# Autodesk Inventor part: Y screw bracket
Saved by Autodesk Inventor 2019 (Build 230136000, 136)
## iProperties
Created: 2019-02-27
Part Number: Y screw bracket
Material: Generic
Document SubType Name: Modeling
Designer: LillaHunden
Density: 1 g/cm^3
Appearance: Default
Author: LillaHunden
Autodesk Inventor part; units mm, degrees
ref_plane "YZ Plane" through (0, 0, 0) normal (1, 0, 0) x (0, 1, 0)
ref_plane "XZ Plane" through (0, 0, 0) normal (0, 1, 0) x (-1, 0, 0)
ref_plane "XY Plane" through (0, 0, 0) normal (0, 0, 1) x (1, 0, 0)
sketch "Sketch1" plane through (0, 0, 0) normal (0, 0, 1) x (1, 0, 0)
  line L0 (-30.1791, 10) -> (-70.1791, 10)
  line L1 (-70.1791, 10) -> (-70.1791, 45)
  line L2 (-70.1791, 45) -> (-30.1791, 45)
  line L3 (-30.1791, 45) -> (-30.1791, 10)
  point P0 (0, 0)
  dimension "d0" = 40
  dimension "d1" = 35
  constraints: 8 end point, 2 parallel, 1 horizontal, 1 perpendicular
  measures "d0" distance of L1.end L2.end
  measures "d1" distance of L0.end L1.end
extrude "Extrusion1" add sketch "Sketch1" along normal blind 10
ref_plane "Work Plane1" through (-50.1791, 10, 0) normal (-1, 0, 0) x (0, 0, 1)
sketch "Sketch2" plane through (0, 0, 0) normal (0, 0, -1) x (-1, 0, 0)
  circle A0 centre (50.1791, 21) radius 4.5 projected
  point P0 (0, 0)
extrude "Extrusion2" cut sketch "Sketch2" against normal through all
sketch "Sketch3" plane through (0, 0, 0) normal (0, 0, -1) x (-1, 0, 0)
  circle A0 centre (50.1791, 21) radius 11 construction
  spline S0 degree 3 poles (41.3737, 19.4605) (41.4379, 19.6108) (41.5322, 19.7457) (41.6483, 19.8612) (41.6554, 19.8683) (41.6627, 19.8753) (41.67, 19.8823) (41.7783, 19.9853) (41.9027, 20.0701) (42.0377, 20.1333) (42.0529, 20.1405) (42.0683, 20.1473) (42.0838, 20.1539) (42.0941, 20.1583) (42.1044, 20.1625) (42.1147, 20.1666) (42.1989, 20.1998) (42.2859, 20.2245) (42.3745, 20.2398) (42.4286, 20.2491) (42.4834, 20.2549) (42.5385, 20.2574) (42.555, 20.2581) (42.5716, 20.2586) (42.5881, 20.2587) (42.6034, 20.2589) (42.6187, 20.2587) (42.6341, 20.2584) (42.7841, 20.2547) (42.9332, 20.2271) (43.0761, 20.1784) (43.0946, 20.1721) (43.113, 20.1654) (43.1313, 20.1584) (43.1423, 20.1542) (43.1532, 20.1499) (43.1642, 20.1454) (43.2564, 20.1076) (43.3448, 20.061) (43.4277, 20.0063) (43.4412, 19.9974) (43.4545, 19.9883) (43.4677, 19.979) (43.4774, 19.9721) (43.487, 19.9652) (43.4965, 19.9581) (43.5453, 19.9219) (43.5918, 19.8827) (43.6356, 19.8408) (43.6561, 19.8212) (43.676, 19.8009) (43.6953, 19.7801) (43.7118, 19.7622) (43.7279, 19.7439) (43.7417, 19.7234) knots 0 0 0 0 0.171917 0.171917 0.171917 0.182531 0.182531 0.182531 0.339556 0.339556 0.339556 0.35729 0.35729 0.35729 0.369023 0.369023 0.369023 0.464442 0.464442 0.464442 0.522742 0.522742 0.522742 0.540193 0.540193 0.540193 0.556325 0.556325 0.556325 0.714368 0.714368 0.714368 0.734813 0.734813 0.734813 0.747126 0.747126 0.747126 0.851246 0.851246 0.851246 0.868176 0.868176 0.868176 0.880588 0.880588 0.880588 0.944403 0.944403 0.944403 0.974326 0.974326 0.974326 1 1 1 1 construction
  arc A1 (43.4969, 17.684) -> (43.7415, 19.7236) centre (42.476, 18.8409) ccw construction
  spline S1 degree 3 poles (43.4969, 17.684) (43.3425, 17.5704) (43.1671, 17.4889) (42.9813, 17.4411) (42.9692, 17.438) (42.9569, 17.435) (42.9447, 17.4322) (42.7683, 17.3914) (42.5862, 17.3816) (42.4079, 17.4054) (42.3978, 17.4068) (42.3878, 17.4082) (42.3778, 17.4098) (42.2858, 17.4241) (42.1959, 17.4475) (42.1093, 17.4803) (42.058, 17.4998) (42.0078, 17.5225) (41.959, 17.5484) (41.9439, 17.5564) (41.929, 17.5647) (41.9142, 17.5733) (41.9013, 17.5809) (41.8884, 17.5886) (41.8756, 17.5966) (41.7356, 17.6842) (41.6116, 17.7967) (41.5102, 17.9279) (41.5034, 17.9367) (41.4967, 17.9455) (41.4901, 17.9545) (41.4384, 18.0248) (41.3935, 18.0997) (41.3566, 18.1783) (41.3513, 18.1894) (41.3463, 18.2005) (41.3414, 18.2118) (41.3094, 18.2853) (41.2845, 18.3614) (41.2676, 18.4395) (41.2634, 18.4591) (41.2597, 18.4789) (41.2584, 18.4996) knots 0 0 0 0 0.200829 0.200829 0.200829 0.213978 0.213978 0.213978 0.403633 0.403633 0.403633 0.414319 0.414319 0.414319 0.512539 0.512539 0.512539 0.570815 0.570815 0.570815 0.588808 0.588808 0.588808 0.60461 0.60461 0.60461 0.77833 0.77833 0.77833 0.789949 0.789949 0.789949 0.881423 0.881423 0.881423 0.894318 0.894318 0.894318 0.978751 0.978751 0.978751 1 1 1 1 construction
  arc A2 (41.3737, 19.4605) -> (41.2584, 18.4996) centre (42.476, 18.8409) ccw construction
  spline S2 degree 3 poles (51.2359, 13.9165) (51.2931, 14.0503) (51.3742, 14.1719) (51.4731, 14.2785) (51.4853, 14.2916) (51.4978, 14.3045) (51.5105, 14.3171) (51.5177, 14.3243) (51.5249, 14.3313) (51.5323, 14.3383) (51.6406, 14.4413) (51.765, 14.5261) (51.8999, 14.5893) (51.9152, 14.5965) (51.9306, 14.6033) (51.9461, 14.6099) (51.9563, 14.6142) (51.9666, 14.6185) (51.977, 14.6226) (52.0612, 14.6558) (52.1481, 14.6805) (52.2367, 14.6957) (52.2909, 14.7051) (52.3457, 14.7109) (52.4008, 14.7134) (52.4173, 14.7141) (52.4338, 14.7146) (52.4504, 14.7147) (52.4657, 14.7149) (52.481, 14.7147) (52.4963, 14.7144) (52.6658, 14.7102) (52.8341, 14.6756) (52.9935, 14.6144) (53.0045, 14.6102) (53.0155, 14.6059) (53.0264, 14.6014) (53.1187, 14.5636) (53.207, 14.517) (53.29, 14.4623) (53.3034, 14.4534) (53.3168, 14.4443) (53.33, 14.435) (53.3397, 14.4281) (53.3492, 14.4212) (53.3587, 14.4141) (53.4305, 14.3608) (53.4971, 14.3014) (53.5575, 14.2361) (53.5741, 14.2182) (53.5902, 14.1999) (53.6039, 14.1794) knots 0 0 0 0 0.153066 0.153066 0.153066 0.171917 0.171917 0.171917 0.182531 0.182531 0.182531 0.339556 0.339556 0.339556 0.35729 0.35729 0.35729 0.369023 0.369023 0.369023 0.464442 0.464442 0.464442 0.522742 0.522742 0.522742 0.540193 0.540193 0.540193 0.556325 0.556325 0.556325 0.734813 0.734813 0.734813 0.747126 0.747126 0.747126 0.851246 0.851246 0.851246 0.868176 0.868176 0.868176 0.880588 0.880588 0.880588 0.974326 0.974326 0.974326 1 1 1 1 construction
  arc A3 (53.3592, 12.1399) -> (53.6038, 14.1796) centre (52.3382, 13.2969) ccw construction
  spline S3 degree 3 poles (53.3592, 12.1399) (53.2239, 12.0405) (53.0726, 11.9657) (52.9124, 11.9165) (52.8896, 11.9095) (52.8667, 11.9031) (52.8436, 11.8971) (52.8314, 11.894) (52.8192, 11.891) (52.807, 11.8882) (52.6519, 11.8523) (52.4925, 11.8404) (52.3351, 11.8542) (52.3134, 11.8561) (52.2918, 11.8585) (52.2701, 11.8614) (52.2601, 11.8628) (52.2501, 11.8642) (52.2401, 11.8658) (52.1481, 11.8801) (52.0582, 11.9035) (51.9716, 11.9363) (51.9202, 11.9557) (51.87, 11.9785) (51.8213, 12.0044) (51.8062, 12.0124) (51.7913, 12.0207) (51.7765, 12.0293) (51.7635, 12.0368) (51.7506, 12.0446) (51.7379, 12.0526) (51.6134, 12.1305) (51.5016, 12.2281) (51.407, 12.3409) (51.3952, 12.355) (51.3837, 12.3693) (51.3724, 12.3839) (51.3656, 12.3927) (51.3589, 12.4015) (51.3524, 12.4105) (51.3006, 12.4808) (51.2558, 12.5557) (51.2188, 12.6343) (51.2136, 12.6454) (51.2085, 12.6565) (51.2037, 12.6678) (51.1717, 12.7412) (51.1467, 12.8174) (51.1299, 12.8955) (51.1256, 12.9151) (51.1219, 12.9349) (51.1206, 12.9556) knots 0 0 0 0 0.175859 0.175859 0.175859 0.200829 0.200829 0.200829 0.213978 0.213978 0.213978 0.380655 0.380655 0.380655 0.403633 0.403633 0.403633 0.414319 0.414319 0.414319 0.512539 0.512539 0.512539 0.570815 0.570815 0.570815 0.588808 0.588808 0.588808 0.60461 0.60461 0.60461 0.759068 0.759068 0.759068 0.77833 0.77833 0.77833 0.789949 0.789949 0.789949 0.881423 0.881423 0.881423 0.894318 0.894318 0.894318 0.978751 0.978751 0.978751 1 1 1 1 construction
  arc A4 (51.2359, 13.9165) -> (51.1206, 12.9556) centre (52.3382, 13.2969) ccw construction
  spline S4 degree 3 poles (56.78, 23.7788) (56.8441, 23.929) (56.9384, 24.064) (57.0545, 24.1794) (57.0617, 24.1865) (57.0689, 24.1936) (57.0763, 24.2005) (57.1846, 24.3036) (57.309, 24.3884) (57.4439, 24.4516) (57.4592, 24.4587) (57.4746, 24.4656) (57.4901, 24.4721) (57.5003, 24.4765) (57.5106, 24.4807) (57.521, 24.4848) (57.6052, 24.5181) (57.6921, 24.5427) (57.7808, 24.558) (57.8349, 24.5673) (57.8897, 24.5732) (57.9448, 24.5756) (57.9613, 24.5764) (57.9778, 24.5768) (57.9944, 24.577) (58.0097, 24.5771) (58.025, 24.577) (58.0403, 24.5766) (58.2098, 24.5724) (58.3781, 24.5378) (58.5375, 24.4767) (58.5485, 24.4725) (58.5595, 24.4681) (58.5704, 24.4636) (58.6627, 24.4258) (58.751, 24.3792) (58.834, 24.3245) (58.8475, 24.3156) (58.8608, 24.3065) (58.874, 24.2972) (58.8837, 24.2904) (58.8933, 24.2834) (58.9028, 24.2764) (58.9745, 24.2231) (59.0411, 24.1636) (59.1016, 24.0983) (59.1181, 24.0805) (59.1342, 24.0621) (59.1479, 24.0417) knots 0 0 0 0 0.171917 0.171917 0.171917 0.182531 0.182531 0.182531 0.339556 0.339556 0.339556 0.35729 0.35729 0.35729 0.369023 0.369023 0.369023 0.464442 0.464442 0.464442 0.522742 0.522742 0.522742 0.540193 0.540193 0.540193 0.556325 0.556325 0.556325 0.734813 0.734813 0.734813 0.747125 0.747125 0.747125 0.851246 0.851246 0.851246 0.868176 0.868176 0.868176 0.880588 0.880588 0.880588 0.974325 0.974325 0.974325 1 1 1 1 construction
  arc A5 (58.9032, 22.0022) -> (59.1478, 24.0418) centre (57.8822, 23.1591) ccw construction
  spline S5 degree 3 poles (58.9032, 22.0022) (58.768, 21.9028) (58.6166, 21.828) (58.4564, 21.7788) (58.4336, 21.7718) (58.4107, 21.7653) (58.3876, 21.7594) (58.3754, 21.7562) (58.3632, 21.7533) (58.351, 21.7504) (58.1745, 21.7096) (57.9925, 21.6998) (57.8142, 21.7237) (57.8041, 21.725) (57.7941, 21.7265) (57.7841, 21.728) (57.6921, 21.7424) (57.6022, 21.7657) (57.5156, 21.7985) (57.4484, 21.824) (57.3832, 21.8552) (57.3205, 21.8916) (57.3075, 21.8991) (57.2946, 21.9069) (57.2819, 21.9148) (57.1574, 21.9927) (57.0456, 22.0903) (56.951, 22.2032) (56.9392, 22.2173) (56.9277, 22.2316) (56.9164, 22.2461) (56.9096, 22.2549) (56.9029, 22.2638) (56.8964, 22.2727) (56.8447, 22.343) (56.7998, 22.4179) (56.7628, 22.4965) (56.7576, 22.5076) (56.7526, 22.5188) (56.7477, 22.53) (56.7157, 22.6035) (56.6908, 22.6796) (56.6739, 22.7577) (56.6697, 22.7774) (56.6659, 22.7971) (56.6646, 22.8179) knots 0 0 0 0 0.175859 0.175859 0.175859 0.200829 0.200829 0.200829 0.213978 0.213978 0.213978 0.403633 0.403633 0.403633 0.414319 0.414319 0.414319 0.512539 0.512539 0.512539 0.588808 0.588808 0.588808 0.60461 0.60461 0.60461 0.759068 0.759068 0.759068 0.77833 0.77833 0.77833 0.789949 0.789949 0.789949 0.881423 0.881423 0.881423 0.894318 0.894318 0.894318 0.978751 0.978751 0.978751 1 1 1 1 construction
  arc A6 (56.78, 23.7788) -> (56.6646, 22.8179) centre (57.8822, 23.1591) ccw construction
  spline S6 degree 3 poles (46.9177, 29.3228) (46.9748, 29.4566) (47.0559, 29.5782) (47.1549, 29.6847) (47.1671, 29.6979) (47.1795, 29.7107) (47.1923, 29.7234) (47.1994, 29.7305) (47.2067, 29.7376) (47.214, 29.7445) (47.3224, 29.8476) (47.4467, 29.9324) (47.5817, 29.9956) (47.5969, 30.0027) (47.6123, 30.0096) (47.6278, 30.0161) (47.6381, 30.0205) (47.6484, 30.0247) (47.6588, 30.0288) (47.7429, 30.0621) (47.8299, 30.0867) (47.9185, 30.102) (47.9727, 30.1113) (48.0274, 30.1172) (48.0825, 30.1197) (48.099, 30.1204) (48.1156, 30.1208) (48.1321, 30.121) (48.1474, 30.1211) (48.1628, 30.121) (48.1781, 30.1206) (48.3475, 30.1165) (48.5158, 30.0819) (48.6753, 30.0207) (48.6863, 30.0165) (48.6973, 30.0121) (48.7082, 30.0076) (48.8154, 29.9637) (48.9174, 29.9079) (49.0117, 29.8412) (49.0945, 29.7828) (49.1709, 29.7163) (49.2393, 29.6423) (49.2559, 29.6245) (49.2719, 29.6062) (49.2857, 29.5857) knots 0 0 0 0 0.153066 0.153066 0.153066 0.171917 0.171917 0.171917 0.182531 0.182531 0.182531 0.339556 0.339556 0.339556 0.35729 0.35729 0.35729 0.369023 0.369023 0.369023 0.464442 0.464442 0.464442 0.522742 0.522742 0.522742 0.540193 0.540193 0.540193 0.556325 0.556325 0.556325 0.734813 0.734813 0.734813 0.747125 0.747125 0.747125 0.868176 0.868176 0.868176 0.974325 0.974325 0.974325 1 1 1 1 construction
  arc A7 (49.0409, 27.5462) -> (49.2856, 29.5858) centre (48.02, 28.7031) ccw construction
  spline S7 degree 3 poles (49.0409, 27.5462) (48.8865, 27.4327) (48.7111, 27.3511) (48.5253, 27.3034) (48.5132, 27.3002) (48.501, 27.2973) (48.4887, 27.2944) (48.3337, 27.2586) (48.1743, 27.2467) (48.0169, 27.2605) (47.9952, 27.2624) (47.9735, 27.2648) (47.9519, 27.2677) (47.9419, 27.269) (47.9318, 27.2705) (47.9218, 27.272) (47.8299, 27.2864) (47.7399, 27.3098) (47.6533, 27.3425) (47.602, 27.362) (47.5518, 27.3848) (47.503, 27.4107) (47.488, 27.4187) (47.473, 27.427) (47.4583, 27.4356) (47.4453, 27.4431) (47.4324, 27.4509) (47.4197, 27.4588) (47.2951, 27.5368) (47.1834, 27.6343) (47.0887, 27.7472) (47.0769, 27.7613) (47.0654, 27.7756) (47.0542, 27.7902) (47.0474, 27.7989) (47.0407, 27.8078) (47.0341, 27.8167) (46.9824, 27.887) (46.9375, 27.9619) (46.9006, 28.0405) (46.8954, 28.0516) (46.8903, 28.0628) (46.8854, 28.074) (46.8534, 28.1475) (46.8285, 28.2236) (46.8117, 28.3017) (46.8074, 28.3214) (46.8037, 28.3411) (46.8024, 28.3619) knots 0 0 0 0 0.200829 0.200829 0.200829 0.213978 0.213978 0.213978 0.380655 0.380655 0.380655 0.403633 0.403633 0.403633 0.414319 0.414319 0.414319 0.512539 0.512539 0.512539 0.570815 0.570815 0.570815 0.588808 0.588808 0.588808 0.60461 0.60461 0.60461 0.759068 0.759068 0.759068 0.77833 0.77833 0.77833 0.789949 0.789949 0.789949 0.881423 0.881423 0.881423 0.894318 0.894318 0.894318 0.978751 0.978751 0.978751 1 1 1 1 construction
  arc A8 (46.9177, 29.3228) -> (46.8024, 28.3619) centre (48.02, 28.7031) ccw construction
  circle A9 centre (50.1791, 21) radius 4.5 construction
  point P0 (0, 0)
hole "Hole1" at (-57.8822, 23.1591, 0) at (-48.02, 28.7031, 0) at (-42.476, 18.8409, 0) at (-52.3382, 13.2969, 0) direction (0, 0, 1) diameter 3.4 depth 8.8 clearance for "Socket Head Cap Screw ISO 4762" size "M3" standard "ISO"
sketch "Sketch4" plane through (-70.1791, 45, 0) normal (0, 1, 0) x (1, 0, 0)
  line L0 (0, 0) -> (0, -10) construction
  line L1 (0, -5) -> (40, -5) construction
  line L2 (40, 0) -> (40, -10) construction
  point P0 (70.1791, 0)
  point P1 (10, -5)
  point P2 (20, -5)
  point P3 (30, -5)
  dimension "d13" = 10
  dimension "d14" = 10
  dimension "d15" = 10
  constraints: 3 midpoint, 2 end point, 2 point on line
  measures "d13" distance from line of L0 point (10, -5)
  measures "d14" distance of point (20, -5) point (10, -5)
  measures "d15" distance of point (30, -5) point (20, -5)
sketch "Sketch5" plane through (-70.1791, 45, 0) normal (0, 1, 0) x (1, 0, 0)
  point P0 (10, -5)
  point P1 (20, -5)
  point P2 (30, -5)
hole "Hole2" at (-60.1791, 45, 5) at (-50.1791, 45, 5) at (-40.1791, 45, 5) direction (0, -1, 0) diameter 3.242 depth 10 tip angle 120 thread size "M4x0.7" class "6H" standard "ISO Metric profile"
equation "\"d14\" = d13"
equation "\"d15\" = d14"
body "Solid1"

============================================================

All that is wanted is the stretch of lines above from the one containing "point P1 (10, -5)" through the one containing "-5) point (10, -5)", duplicated exactly.

  point P1 (10, -5)
  point P2 (20, -5)
  point P3 (30, -5)
  dimension "d13" = 10
  dimension "d14" = 10
  dimension "d15" = 10
  constraints: 3 midpoint, 2 end point, 2 point on line
  measures "d13" distance from line of L0 point (10, -5)
  measures "d14" distance of point (20, -5) point (10, -5)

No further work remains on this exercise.